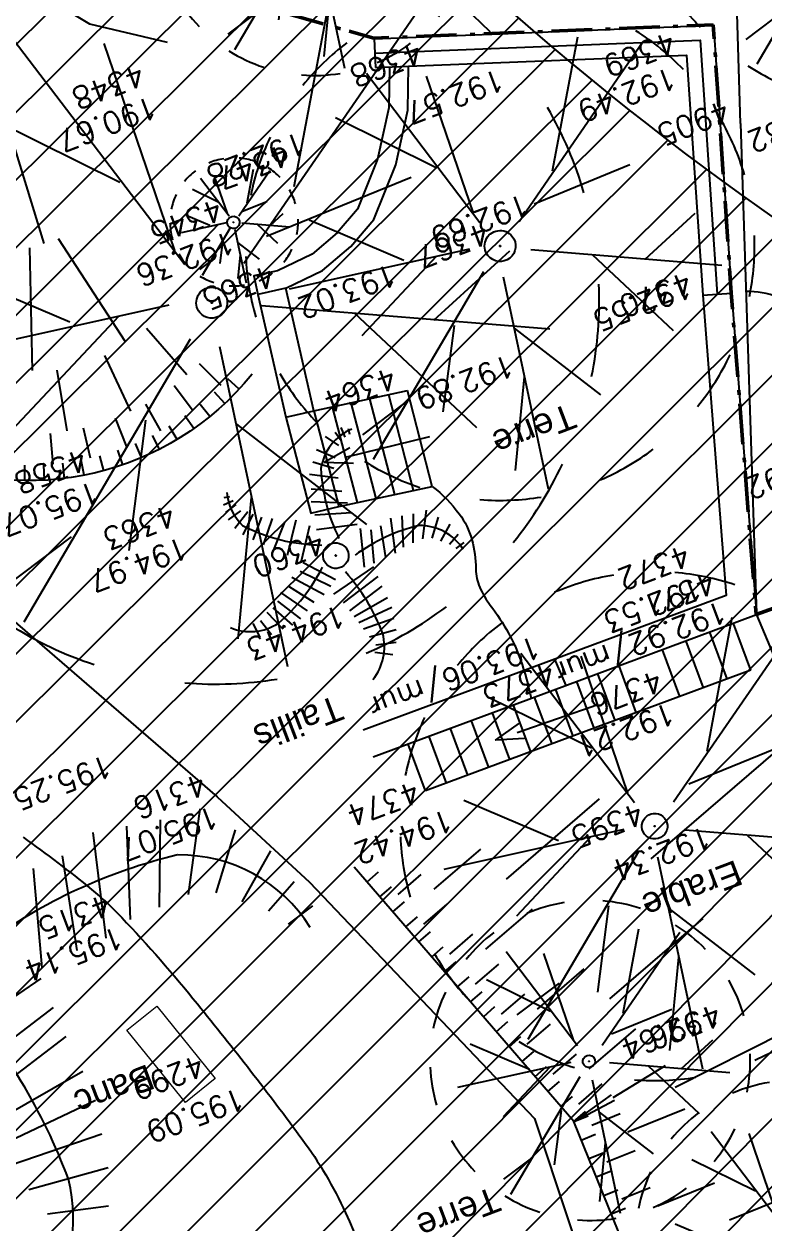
# Model space of a CAD drawing. Header units: centimetres. Extents: x 212517 to 243222, y -357108 to -330212.
# Drawn here: x 231845 to 233002, y -348258 to -346384 of the extents above; entities that cross this region are included whole.
import ezdxf
from ezdxf.enums import TextEntityAlignment as Align
from ezdxf.lldxf.tags import DXFTag

# ---------------------------------------------------------------- set-up
doc = ezdxf.new("R2010")
doc.units = ezdxf.units.CM
doc.linetypes.add('Style de ligne -15', pattern=[2.08328, 1.25, -0.41656, 0.13886, -0.27786])
doc.layers.get('0').update_dxf_attribs({"color": 252})
for name, color, linetype in [('0-EDL-Limite de propriété', 252, 'Continuous'), ('Fond topo - BAT_ANN', 252, 'Continuous'), ('Fond topo - CLO_MUR', 252, 'Continuous'), ('Fond topo - ESPACE_BOISE', 252, 'Continuous'), ('Fond topo - MOB_TXT', 252, 'Continuous'), ('Fond topo - TAL', 252, 'Continuous'), ('Fond topo - TAL_HAC', 252, 'Continuous'), ('Fond topo - VEG', 252, 'Continuous'), ('Fond topo - VEG_TXT_ESSENCE', 252, 'Continuous'), ('Fond topo - VOI_TXT', 252, 'Continuous'), ('Fond topo - Z_500', 252, 'Continuous'), ('prlm-VRD', 2, 'Continuous'), ('SA - béton balayé', 252, 'Continuous'), ('SA - EBC', 252, 'Continuous')]:
    doc.layers.add(name, color=color, linetype=linetype)
for name, color, linetype, lineweight in [('Fond topo - MOB', 252, 'Continuous', 20), ('Fond topo - P', 252, 'Continuous', 50), ('Fond topo - VOI', 252, 'Continuous', 25)]:
    doc.layers.add(name, color=color, linetype=linetype, lineweight=lineweight)
for name, color, linetype, plot in [('Fond topo - N', 252, 'Continuous', False), ('Fond topo - NCACHE', 252, 'Continuous', False), ('Fond topo - ZCACHE', 252, 'Continuous', False)]:
    doc.layers.add(name, color=color, linetype=linetype, plot=plot)
doc.styles.add('2000_ARIAL', font='arial.ttf', dxfattribs={"height": 0.4})
doc.styles.add('SIMPLEX', font='simplex_.ttf', dxfattribs={"height": 1.25})
tags = doc.linetypes.add('L1', pattern=[1, 0.6, -0.4]).pattern_tags.tags
tags[6:7] = [DXFTag(74, 4), DXFTag(75, 0), DXFTag(340, '0'), DXFTag(46, 0.0), DXFTag(50, 0.0), DXFTag(44, 0.0), DXFTag(45, 0.0)]
tags[4:5] = [DXFTag(74, 4), DXFTag(75, 0), DXFTag(340, '0'), DXFTag(46, 0.0), DXFTag(50, 0.0), DXFTag(44, 0.0), DXFTag(45, 0.0)]
tags = doc.linetypes.add('L16', pattern=[0.375, 0.3, -0.075]).pattern_tags.tags
tags[6:7] = [DXFTag(74, 4), DXFTag(75, 0), DXFTag(340, '0'), DXFTag(46, 0.0), DXFTag(50, 0.0), DXFTag(44, 0.0), DXFTag(45, 0.0)]
tags[4:5] = [DXFTag(74, 4), DXFTag(75, 0), DXFTag(340, '0'), DXFTag(46, 0.0), DXFTag(50, 0.0), DXFTag(44, 0.0), DXFTag(45, 0.0)]
tags = doc.linetypes.add('L8', pattern=[0.225, 0.15, -0.075]).pattern_tags.tags
tags[6:7] = [DXFTag(74, 4), DXFTag(75, 0), DXFTag(340, '0'), DXFTag(46, 0.0), DXFTag(50, 0.0), DXFTag(44, 0.0), DXFTag(45, 0.0)]
tags[4:5] = [DXFTag(74, 4), DXFTag(75, 0), DXFTag(340, '0'), DXFTag(46, 0.0), DXFTag(50, 0.0), DXFTag(44, 0.0), DXFTag(45, 0.0)]

# ---------------------------------------------------------------- blocks, each defined once
blk = doc.blocks.new('Groupe-93-1')
at = {"linetype": 'Style de ligne -15', "lineweight": 50, "ltscale": 50.8, "flags": 128}
blk.add_lwpolyline([(12515.6, -40375.7), (12515.6, -40375.7), (12933.5, -40464.6), (14317.6, -40758.9), (14317.6, -40758.9), (14579.8, -41539.6), (14579.8, -41539.6), (14603.8, -41601.3), (14932, -41787.9), (15211.5, -41988), (16217.5, -42596.9), (16519.2, -42750.2), (16796.7, -42877.3), (16796.7, -42877.3), (16841, -42739.3), (16854.3, -42704.3), (17163.3, -42876.1), (17344.3, -42949.6), (17817.4, -43082.6), (18347.5, -43061.6), (18375.7, -43480.3), (18414.7, -43983.2), (18865.1, -43821.6), (18865.1, -43821.6), (19802.2, -43431.4)], dxfattribs=at)
blk = doc.blocks.new('ESC01')
at = {"ltscale": 2}
for p, q in [((1.338104, 0), (0, 0)), ((1.257547, 0.126415), (1.7, 0)), ((1.257547, -0.126415), (1.7, 0))]:
    blk.add_line(p, q, dxfattribs=at)
blk = doc.blocks.new('PTOPO')
at = {"layer": 'Fond topo - NCACHE', "style": 'SIMPLEX'}
blk.add_attdef('MAT', text='', height=0.34, dxfattribs=at).set_placement((0.1, -0.1), align=Align.TOP_LEFT)
at = {"layer": 'Fond topo - ZCACHE', "style": 'SIMPLEX'}
blk.add_attdef('ALT', (0.1, 0.1), '', height=0.34, dxfattribs=at)
blk = doc.blocks.new('RESINEUX')
at = {"ltscale": 2}
for p, q in [((-0.0742, 0.4288), (-0.0142, 0.4188)), ((-0.0942, 0.3888), (-0.0242, 0.3888)), ((-0.1042, 0.3388), (-0.0142, 0.3488)), ((-0.1142, 0.2988), (-0.0142, 0.3188)), ((-0.1142, 0.2589), (-0.0042, 0.2889)), ((-0.1042, 0.2189), (0.0158, 0.2589)), ((0.2858, 0.2389), (0.3258, 0.1589)), ((0.3258, 0.2489), (0.3458, 0.1689)), ((0.3658, 0.2489), (0.3658, 0.1889)), ((0.3958, 0.2389), (0.3958, 0.1889)), ((0.4258, 0.2289), (0.4158, 0.1889)), ((-0.0942, 0.1789), (0.0158, 0.2189)), ((0.2458, 0.2189), (0.2958, 0.1389)), ((0.4458, 0.2089), (0.4358, 0.1889)), ((-0.0942, 0.1289), (0.0358, 0.1889)), ((0.2058, 0.1989), (0.2658, 0.1089)), ((0.1658, 0.1789), (0.2258, 0.0789)), ((-0.0842, 0.0889), (0.0358, 0.1489)), ((0.1158, 0.1489), (0.2058, 0.0389)), ((-0.0742, 0.0589), (0.0558, 0.1189)), ((0.0658, 0.1189), (0.1558, 0.0089)), ((-0.4442, 0.0589), (-0.3942, 0.1089)), ((-0.1242, -0.0911), (-0.1142, 0.0989)), ((-0.4142, 0.0189), (-0.3742, 0.0889)), ((-0.3742, -0.0111), (-0.3342, 0.0889)), ((-0.3342, -0.0311), (-0.2942, 0.0889)), ((-0.2942, -0.0511), (-0.2642, 0.0889)), ((-0.2542, -0.0611), (-0.2342, 0.0889)), ((-0.2042, -0.0711), (-0.2042, 0.0889)), ((-0.1642, -0.0811), (-0.1642, 0.0889)), ((0.0458, -0.1411), (0.1258, -0.0011)), ((0.0958, -0.1511), (0.1758, -0.0311)), ((-0.1042, -0.0611), (0.0258, -0.1411)), ((0.1358, -0.1611), (0.2258, -0.0511)), ((0.1858, -0.1711), (0.2658, -0.0811)), ((-0.1142, -0.1011), (-0.0042, -0.1711)), ((0.2358, -0.1911), (0.3158, -0.1111)), ((-0.1242, -0.1511), (-0.0142, -0.2111)), ((0.2758, -0.2011), (0.3458, -0.1511)), ((-0.1342, -0.1911), (-0.0142, -0.2611)), ((0.3058, -0.2311), (0.3758, -0.1911)), ((-0.1342, -0.2311), (-0.0342, -0.3011)), ((0.3358, -0.2711), (0.3958, -0.2511)), ((-0.1442, -0.2711), (-0.0542, -0.3411)), ((0.3858, -0.2911), (0.3458, -0.2911)), ((-0.1542, -0.3111), (-0.0742, -0.3911)), ((0.3458, -0.3111), (0.3858, -0.3211)), ((-0.1742, -0.3411), (-0.1242, -0.4111)), ((0.3658, -0.3411), (0.3458, -0.3311)), ((-0.2042, -0.3611), (-0.1742, -0.4311)), ((-0.2642, -0.3911), (-0.2642, -0.4311)), ((-0.2342, -0.3811), (-0.2242, -0.4311))]:
    blk.add_line(p, q, dxfattribs=at)
for centre, major_axis, start_param, end_param in [((0.1258, 0.3258), (-0.1414, 0.1414), 6.018768, 7.001196), ((0.6266, 0.375), (0.4958, 0.4958), 2.407115, 2.808262), ((0.3468, 0.0209), (0.1414, 0.1414), 0.208235, 0.940366), ((0.6156, -0.413), (-0.4942, 0.4942), 5.940864, 6.402329), ((-0.2712, 0.2319), (-0.1485, 0.1485), 1.039501, 1.948538), ((-0.1323, 0.7717), (0.5413, 0.5413), 3.632642, 4.003215), ((0, 0), (-0.00113, 0.00113), 3.926991, 7.068583), ((0, 0), (-0.00113, 0.00113), 0.785398, 3.926991), ((-0.7447, -0.0468), (-0.4954, 0.4954), 3.50903, 3.906773), ((-0.0912, -0.738), (0.4956, 0.4956), 0.182257, 0.588325), ((0.1628, -0.3001), (-0.1414, 0.1414), 3.670881, 4.697746), ((-0.2652, -0.2121), (-0.1414, 0.1414), 2.259521, 3.289317)]:
    blk.add_ellipse(centre, major_axis=major_axis, ratio=1, start_param=start_param, end_param=end_param, dxfattribs=at)
blk = doc.blocks.new('VEG14')
at = {"ltscale": 2, "flags": 128}
for points in [[(0.5, 0, -1), (-0.5, 0, -1)], [(0.016, 0, -1), (-0.016, 0, -1)]]:
    blk.add_lwpolyline(points, format="xyb", close=True, dxfattribs=at)
blk = doc.blocks.new('VEG12')
at = {"ltscale": 2}
for p, q in [((0.0182, 0.0574), (0.1004, 0.4729)), ((0.0575, 0.2534), (0.1455, 0.4147)), ((0.0379, 0.1585), (-0.0659, 0.3441)), ((-0.1588, 0.086), (-0.246, 0.2846)), ((0.0498, 0.0338), (0.3916, 0.2859)), ((0.1439, 0.1075), (0.23, 0.254)), ((0.2917, 0.2086), (0.3924, 0.2333)), ((-0.0523, 0.0298), (-0.3836, 0.2046)), ((-0.25, 0.1351), (-0.3756, 0.0911)), ((0.1229, -0.0299), (0.3172, 0.0554)), ((-0.0527, -0.0292), (-0.4124, -0.2566)), ((0.0576, -0.0177), (0.4119, -0.0841)), ((-0.0936, -0.0498), (-0.2956, -0.0465)), ((0.0183, -0.0574), (0.1076, -0.4128)), ((0.1841, -0.0476), (0.3231, -0.1928)), ((0.0226, -0.0796), (0.0016, -0.3618)), ((-0.1518, -0.0948), (-0.3, -0.3159)), ((0.0537, -0.1885), (0.1973, -0.3567))]:
    blk.add_line(p, q, dxfattribs=at)
for start, end in [(90, 103.8462), (62.3077, 76.1538), (117.6923, 131.5385), (34.6154, 48.4615), (145.3846, 159.2308), (6.9231, 20.7692), (173.0769, 186.9231), (339.2308, 353.0769), (200.7692, 214.6154), (311.5385, 325.3846), (228.4615, 242.3077), (283.8462, 297.6923), (256.1538, 270)]:
    blk.add_arc((0, 0), 0.497, start, end, dxfattribs=at)
blk = doc.blocks.new('VEG12A')
at = {"ltscale": 2}
for p, q in [((0.0182, 0.0574), (0.1004, 0.4729)), ((0.0575, 0.2534), (0.1455, 0.4147)), ((0.0379, 0.1585), (-0.0659, 0.3441)), ((-0.1588, 0.086), (-0.246, 0.2846)), ((0.0498, 0.0338), (0.3916, 0.2859)), ((0.1439, 0.1075), (0.23, 0.254)), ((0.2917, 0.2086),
◆ ◆ ◆ ◆ ◆
TASK BRIEF :: Bring together each line above where the string "font" turns up.

ANSWER BELOW ::
doc.styles.add('2000_ARIAL', font='arial.ttf', dxfattribs={"height": 0.4})
doc.styles.add('SIMPLEX', font='simplex_.ttf', dxfattribs={"height": 1.25})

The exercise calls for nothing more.